As telas de cinema estão exibindo um filme que busca enfrentar esse desafio. O ator que apresentou Jesus em "A Paixão de Cristo", Jim Caviezel, é o produtor executivo e ator na produção "Paulo, o apóstolo de Cristo". O longa é dirigido pelo jovem diretor e roteirista Andrew Hyatt. Enquando Cavieziel interpreta Lucas, James Faulkner, que atuou em diversos filmes e seriados importantes, está maravilhoso como o apóstolo Paulo. 

O filme...

O filme se passa no período em que Paulo já passou por julgamento em Roma e se encontra na prisão. Lucas corre riscos para visitar o amigo na cela e terminar de escrever o livro de Atos dos Apóstolos. É claro que a produção contém licenças históricas mas, em geral, é bem fiel ao texto bíblico, com diversas citações de Paulo durante os diálogos. O pano de fundo é a loucura da perseguição do Imperador romanos, Nero, aos cristãos, como eles tentam se proteger e como eles pretendem sair da cidade. E, nesses momentos, as cenas são bem fortes. 

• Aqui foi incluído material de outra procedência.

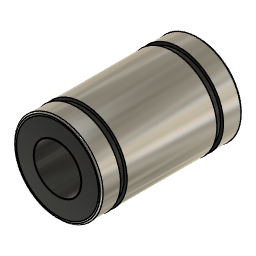
LM8UU (Autodesk Fusion 360 design; units mm, degrees)
Autodesk Fusion 360 part; units mm, degrees
sketch "front" plane through (0, 0, 0) normal (0, 1, 0) x (1, 0, 0) in component "LM8UU"
  circle A0 centre (0, 0) radius 4
  circle A1 centre (0, 0) radius 7
  circle A2 centre (0, 0) radius 7.5
  circle A3 centre (0, 0) radius 4.1
  dimension "d1" = 8
  dimension "d2" = 14
  dimension "d3" = 15
  dimension "d20" = 8.2
  constraint coincident A0.centre A1.centre
  constraint concentric A0 A1
  constraint concentric A1 A3
  measures "d1" diameter of A0
  measures "d2" diameter of A1
  measures "d3" diameter of A2
  measures "d20" diameter of A3
extrude "Extrude1" add sketch "front" along normal blind 3.25 contours A1 | A2 | A3 in component "LM8UU"
extrude "Extrude2" add sketch "front" along normal blind 1.1 from surface at 3.25 contours A1 | A3 in component "LM8UU"
extrude "Extrude3" add sketch "front" along normal blind 15.3 from surface at 4.35 contours A1 | A2 | A3 in component "LM8UU"
extrude "Extrude4" add sketch "front" along normal blind 1.1 from surface at 19.65 contours A1 | A3 in component "LM8UU"
extrude "Extrude5" add sketch "front" along normal blind 3.25 from surface at 20.75 contours A1 | A2 | A3 in component "LM8UU"
fillet "Fillet1" radius 0.25 2 edges at (-6.9925, 0, 2.7121) (-6.9925, 24, 2.7121) in component "LM8UU"
extrude "Extrude6" cut sketch "front" along normal blind 0.01 contours A1 in component "LM8UU"
extrude "Extrude7" cut sketch "front" along normal blind 0.01 from surface at 23.99 contours A1 in component "LM8UU"
component "LM8UU" placed x (1, 0, 0) y (0, 1, 0) z (0, 0, 1) at (0, 0, 0)
equation "d9 = 3.25 mm + 1.1 mm"
equation "d10 = 17.5 mm - 2.2 mm"
equation "d12 = 3.25 mm + 17.5 mm - 1.1 mm"
equation "d15 = 3.25 mm + 17.5 mm"
equation "d23 = 24 mm - 0.01 mm"
named bodies: "bearing"

Paulo (James Faulkner) e Lucas (Jim Cavieziel)
 O roteiro também possui sua própria interpretação teológica acerca do tão discutido "espinho na carne" de Paulo. Confesso aqui que, com essa parte, apesar de emocionante, eu não concordei rsss... Tenho minhas próprias ideias acerca do tal "espinho", entre outras observações. Mas não vou dar spoiler aqui e quero que vocês observem se conseguem reconhecer isso no filme.  


Outra licença histórica está relacionada com a inserção do núcleo do personagem de Olivier Martinez, um prefeito do Império Romano, responsável pela prisão onde Paulo está guardado até a execução. Ele interage com Lucas e o apóstolo. O casal, Priscila (Joanne Whalley) e Áquila (John Lynch), conhecidos nas Escrituras por acompanharem o ministério de Paulo, também são importantes no longa.

O que achei...

O roteiro não é linear e pode se tornar confuso para quem não conhece o livro de Atos. Para quem está acostumado com o relato bíblico, é totalmente inteligível. O filme é recheado de flashbacks, o que gerou crítica da imprensa. A produção é mais voltada para cristãos mesmo. Não é possível contar tudo o que Paulo fez em menos de 2 horas. A história renderia uma linda série, com certeza.

Como cristã, super recomendo assistir esse filme. Todo cristão deve conhecer e ser impactado com a história da Igreja Primitiva, as perseguições pelo qual passava e a vida em amor e comunidade em que estavam inseridos. A partir do momento em que estamos confortáveis em nossas vidas, em que não somos confrontados por causa do nosso amor a Jesus, temos a tendência de nos acomodarmos e oferecermos a Deus uma adoração monótona. Porém, Ele pede "sacrifício de louvor". Você tem oferecido algum sacrifício a Deus??

"Paulo, o apóstolo de Cristo" nos lembra o quanto o apóstolo sofreu pela causa do nosso Senhor e o quanto nossos irmãos do primeiro século sofreram para que Palavra de Deus chegasse a nós, hoje. Seja grato! Seja confrontado por esse grande filme!